▸ Activity
The expected output is exactly the lines below, starting at the line with "#24=CARTESIAN_POINT('',(0.,0.,0.));" and ending at the line with "#32=ORIENTED_EDGE('',*,*,#31,.F.);", both included; no other line belongs in it.

▸ Data to process
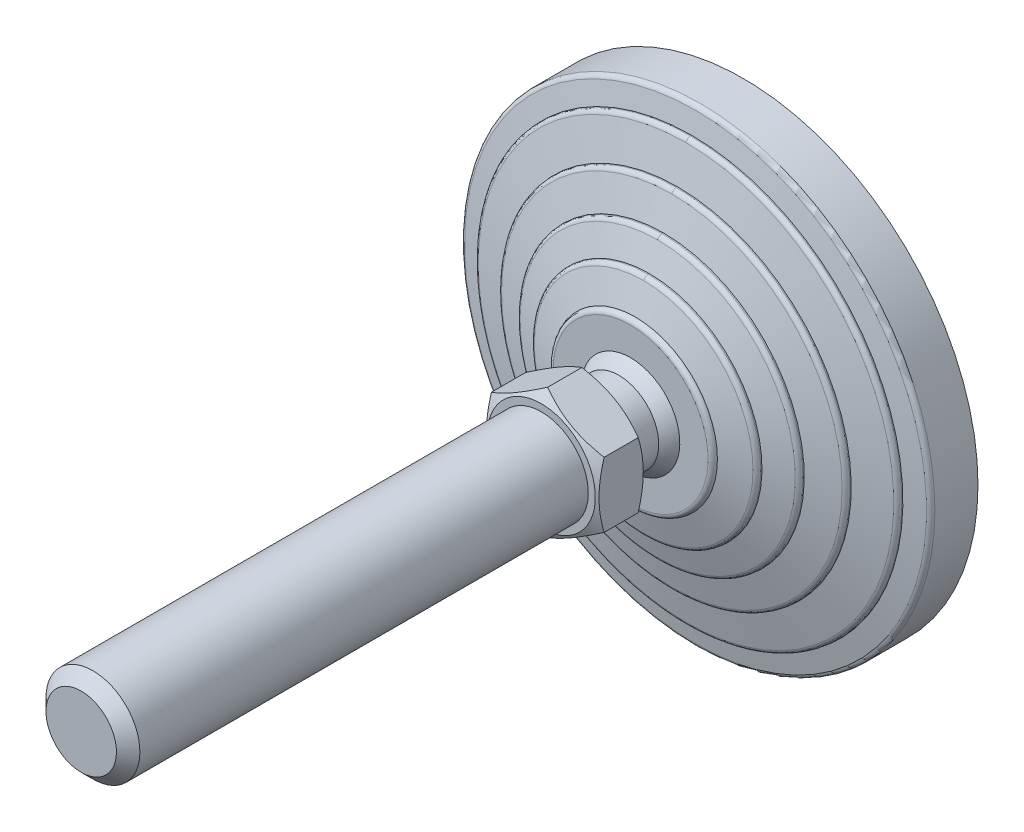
ISO-10303-21;
HEADER;
FILE_DESCRIPTION(('STEP AP214'),'2;1');
FILE_NAME('part.step','',(''),(''),'','','');
FILE_SCHEMA(('AUTOMOTIVE_DESIGN { 1 0 10303 214 1 1 1 1 }'));
ENDSEC;
DATA;
#1=APPLICATION_CONTEXT('core data for automotive mechanical design processes');
#2=APPLICATION_PROTOCOL_DEFINITION('international standard','automotive_design',2000,#1);
#3=PRODUCT_CONTEXT('',#1,'mechanical');
#4=PRODUCT('Part','Part','',(#3));
#5=PRODUCT_RELATED_PRODUCT_CATEGORY('part','',(#4));
#6=PRODUCT_DEFINITION_FORMATION('','',#4);
#7=PRODUCT_DEFINITION_CONTEXT('part definition',#1,'design');
#8=PRODUCT_DEFINITION('design','',#6,#7);
#9=PRODUCT_DEFINITION_SHAPE('','',#8);
#10=(LENGTH_UNIT() NAMED_UNIT(*) SI_UNIT(.MILLI.,.METRE.));
#11=(NAMED_UNIT(*) PLANE_ANGLE_UNIT() SI_UNIT($,.RADIAN.));
#12=(NAMED_UNIT(*) SI_UNIT($,.STERADIAN.) SOLID_ANGLE_UNIT());
#13=UNCERTAINTY_MEASURE_WITH_UNIT(LENGTH_MEASURE(1.E-05),#10,'distance_accuracy_value','');
#14=(GEOMETRIC_REPRESENTATION_CONTEXT(3) GLOBAL_UNCERTAINTY_ASSIGNED_CONTEXT((#13)) GLOBAL_UNIT_ASSIGNED_CONTEXT((#10,
#11,#12)) REPRESENTATION_CONTEXT('',''));
#15=CARTESIAN_POINT('',(0.,0.,0.));
#16=DIRECTION('',(0.,0.,1.));
#17=DIRECTION('',(1.,0.,0.));
#18=AXIS2_PLACEMENT_3D('',#15,#16,#17);
#19=CARTESIAN_POINT('',(-50.774113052,50.6,0.));
#20=DIRECTION('',(0.,0.,1.));
#21=DIRECTION('',(0.,-1.,0.));
#22=AXIS2_PLACEMENT_3D('',#19,#20,#21);
#23=PLANE('',#22);
#24=CARTESIAN_POINT('',(0.,0.,0.));
#25=DIRECTION('',(0.,0.,-1.));
#26=DIRECTION('',(1.,0.,0.));
#27=AXIS2_PLACEMENT_3D('',#24,#25,#26);
#28=CIRCLE('',#27,50.);
#29=CARTESIAN_POINT('',(50.,0.,0.));
#30=VERTEX_POINT('',#29);
#31=EDGE_CURVE('E167',#30,#30,#28,.F.);
#32=ORIENTED_EDGE('',*,*,#31,.F.);
#33=EDGE_LOOP('',(#32));
#34=FACE_BOUND('',#33,.T.);
#35=ADVANCED_FACE('F14',(#34),#23,.F.);
#36=CARTESIAN_POINT('',(0.,0.,9.180196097));
#37=DIRECTION('',(0.,0.,-1.));
#38=DIRECTION('',(1.,0.,0.));
#39=AXIS2_PLACEMENT_3D('',#36,#37,#38);
#40=CYLINDRICAL_SURFACE('',#39,50.);
#41=ORIENTED_EDGE('',*,*,#31,.T.);
#42=EDGE_LOOP('',(#41));
#43=FACE_BOUND('',#42,.T.);
#44=CARTESIAN_POINT('',(0.,0.,9.180196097));
#45=DIRECTION('',(0.,0.,1.));
#46=DIRECTION('',(0.,-1.,0.));
#47=AXIS2_PLACEMENT_3D('',#44,#45,#46);
#48=CIRCLE('',#47,50.);
#49=CARTESIAN_POINT('',(0.,-50.,9.180196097));
#50=VERTEX_POINT('',#49);
#51=EDGE_CURVE('E169',#50,#50,#48,.T.);
#52=ORIENTED_EDGE('',*,*,#51,.F.);
#53=EDGE_LOOP('',(#52));
#54=FACE_BOUND('',#53,.T.);
#55=ADVANCED_FACE('F318',(#43,#54),#40,.T.);
#56=CARTESIAN_POINT('',(0.,0.,9.18019609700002));
#57=DIRECTION('',(0.,0.,-1.));
#58=DIRECTION('',(0.,1.,0.));
#59=AXIS2_PLACEMENT_3D('',#56,#57,#58);
#60=TOROIDAL_SURFACE('',#59,48.9999999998,1.00000000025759);
#61=ORIENTED_EDGE('',*,*,#51,.T.);
#62=EDGE_LOOP('',(#61));
#63=FACE_BOUND('',#62,.T.);
#64=CARTESIAN_POINT('',(0.,0.,10.1607767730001));
#65=DIRECTION('',(0.,0.,-1.));
#66=DIRECTION('',(0.,1.,0.));
#67=AXIS2_PLACEMENT_3D('',#64,#65,#66);
#68=CIRCLE('',#67,49.196116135);
#69=CARTESIAN_POINT('',(0.,49.196116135,10.160776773));
#70=VERTEX_POINT('',#69);
#71=EDGE_CURVE('E173',#70,#70,#68,.F.);
#72=ORIENTED_EDGE('',*,*,#71,.F.);
#73=EDGE_LOOP('',(#72));
#74=FACE_BOUND('',#73,.T.);
#75=ADVANCED_FACE('F314',(#63,#74),#60,.T.);
#76=CARTESIAN_POINT('',(0.,0.,11.));
#77=DIRECTION('',(0.,0.,-1.));
#78=DIRECTION('',(0.,1.,0.));
#79=AXIS2_PLACEMENT_3D('',#76,#77,#78);
#80=CONICAL_SURFACE('',#79,45.,1.37340076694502);
#81=ORIENTED_EDGE('',*,*,#71,.T.);
#82=EDGE_LOOP('',(#81));
#83=FACE_BOUND('',#82,.T.);
#84=CARTESIAN_POINT('',(0.,0.,11.));
#85=DIRECTION('',(0.,0.,-1.));
#86=DIRECTION('',(0.,1.,0.));
#87=AXIS2_PLACEMENT_3D('',#84,#85,#86);
#88=CIRCLE('',#87,45.);
#89=CARTESIAN_POINT('',(0.,45.,11.));
#90=VERTEX_POINT('',#89);
#91=EDGE_CURVE('E464',#90,#90,#88,.F.);
#92=ORIENTED_EDGE('',*,*,#91,.F.);
#93=EDGE_LOOP('',(#92));
#94=FACE_BOUND('',#93,.T.);
#95=ADVANCED_FACE('F317',(#83,#94),#80,.T.);
#96=CARTESIAN_POINT('',(0.,0.,11.219223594));
#97=DIRECTION('',(0.,0.,-1.));
#98=DIRECTION('',(0.,1.,0.));
#99=AXIS2_PLACEMENT_3D('',#96,#97,#98);
#100=CYLINDRICAL_SURFACE('',#99,45.);
#101=ORIENTED_EDGE('',*,*,#91,.T.);
#102=EDGE_LOOP('',(#101));
#103=FACE_BOUND('',#102,.T.);
#104=CARTESIAN_POINT('',(0.,0.,11.219223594));
#105=DIRECTION('',(0.,0.,1.));
#106=DIRECTION('',(0.,-1.,0.));
#107=AXIS2_PLACEMENT_3D('',#104,#105,#106);
#108=CIRCLE('',#107,45.);
#109=CARTESIAN_POINT('',(-4.61482714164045E-09,-45.,11.219223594));
#110=VERTEX_POINT('',#109);
#111=CARTESIAN_POINT('',(0.,45.,11.219223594));
#112=VERTEX_POINT('',#111);
#113=EDGE_CURVE('E637',#110,#112,#108,.T.);
#114=ORIENTED_EDGE('',*,*,#113,.F.);
#115=CARTESIAN_POINT('',(0.,0.,11.219223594));
#116=DIRECTION('',(0.,0.,1.));
#117=DIRECTION('',(0.,-1.,0.));
#118=AXIS2_PLACEMENT_3D('',#115,#116,#117);
#119=CIRCLE('',#118,45.);
#120=EDGE_CURVE('E467',#112,#110,#119,.T.);
#121=ORIENTED_EDGE('',*,*,#120,.F.);
#122=EDGE_LOOP('',(#114,#121));
#123=FACE_BOUND('',#122,.T.);
#124=ADVANCED_FACE('F443',(#103,#123),#100,.T.);
#125=CARTESIAN_POINT('',(0.,-45.,11.219223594));
#126=CARTESIAN_POINT('',(-90.0000000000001,-45.,11.219223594));
#127=CARTESIAN_POINT('',(-90.0000000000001,45.,11.219223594));
#128=CARTESIAN_POINT('',(0.,45.,11.219223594));
#129=CARTESIAN_POINT('',(0.,-45.,11.696951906));
#130=CARTESIAN_POINT('',(-90.0000000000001,-45.,11.696951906));
#131=CARTESIAN_POINT('',(-90.0000000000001,45.,11.696951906));
#132=CARTESIAN_POINT('',(0.,45.,11.696951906));
#133=CARTESIAN_POINT('',(0.,-44.706000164,12.073499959));
#134=CARTESIAN_POINT('',(-89.412000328,-44.706000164,12.073499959));
#135=CARTESIAN_POINT('',(-89.412000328,44.706000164,12.073499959));
#136=CARTESIAN_POINT('',(0.,44.706000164,12.073499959));
#137=CARTESIAN_POINT('',(0.,-44.242535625,12.189366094));
#138=CARTESIAN_POINT('',(-88.4850712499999,-44.2425356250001,12.189366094));
#139=CARTESIAN_POINT('',(-88.4850712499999,44.2425356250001,12.189366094));
#140=CARTESIAN_POINT('',(0.,44.242535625,12.189366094));
#141=(BOUNDED_SURFACE() B_SPLINE_SURFACE(3,3,((#125,#126,#127,#128),(#129,#130,#131,#132),(#133,
#134,#135,#136),(#137,#138,#139,#140)),.UNSPECIFIED.,.F.,.F.,
.F.) B_SPLINE_SURFACE_WITH_KNOTS((4,4),(4,4),(0.,1.),(0.,1.),
.UNSPECIFIED.) GEOMETRIC_REPRESENTATION_ITEM() RATIONAL_B_SPLINE_SURFACE(((1.,0.333333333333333,
0.333333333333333,1.),(0.858803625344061,0.286267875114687,0.286267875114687,0.858803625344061),
(0.858803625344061,0.286267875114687,0.286267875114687,0.858803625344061),(1.,0.333333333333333,
0.333333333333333,1.))) REPRESENTATION_ITEM('') SURFACE());
#142=CARTESIAN_POINT('',(0.,45.,11.219223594));
#143=CARTESIAN_POINT('',(0.,45.,11.696951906));
#144=CARTESIAN_POINT('',(0.,44.706000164,12.073499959));
#145=CARTESIAN_POINT('',(0.,44.242535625,12.189366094));
#146=(BOUNDED_CURVE() B_SPLINE_CURVE(3,(#142,#143,#144,#145),.UNSPECIFIED.,.F.,
.F.) B_SPLINE_CURVE_WITH_KNOTS((4,4),(0.,1.),
.UNSPECIFIED.) CURVE() GEOMETRIC_REPRESENTATION_ITEM() RATIONAL_B_SPLINE_CURVE((1.,
0.858803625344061,0.858803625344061,1.)) REPRESENTATION_ITEM(''));
#147=CARTESIAN_POINT('',(0.,44.242535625,12.189366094));
#148=VERTEX_POINT('',#147);
#149=EDGE_CURVE('E628',#112,#148,#146,.T.);
#150=CARTESIAN_POINT('',(0.,-45.,11.219223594));
#151=CARTESIAN_POINT('',(0.,-45.,11.696951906));
#152=CARTESIAN_POINT('',(0.,-44.706000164,12.073499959));
#153=CARTESIAN_POINT('',(0.,-44.242535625,12.189366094));
#154=(BOUNDED_CURVE() B_SPLINE_CURVE(3,(#150,#151,#152,#153),.UNSPECIFIED.,.F.,
.F.) B_SPLINE_CURVE_WITH_KNOTS((4,4),(0.,1.),
.UNSPECIFIED.) CURVE() GEOMETRIC_REPRESENTATION_ITEM() RATIONAL_B_SPLINE_CURVE((1.,
0.858803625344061,0.858803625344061,1.)) REPRESENTATION_ITEM(''));
#155=CARTESIAN_POINT('',(-1.3611443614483E-08,-44.242535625,12.189366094));
#156=VERTEX_POINT('',#155);
#157=EDGE_CURVE('E642',#156,#110,#154,.F.);
#158=CARTESIAN_POINT('',(0.,0.,12.189366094));
#159=DIRECTION('',(0.,0.,-1.));
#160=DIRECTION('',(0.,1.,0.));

▸ Reply to the exercise
#24=CARTESIAN_POINT('',(0.,0.,0.));
#25=DIRECTION('',(0.,0.,-1.));
#26=DIRECTION('',(1.,0.,0.));
#27=AXIS2_PLACEMENT_3D('',#24,#25,#26);
#28=CIRCLE('',#27,50.);
#29=CARTESIAN_POINT('',(50.,0.,0.));
#30=VERTEX_POINT('',#29);
#31=EDGE_CURVE('E167',#30,#30,#28,.F.);
#32=ORIENTED_EDGE('',*,*,#31,.F.);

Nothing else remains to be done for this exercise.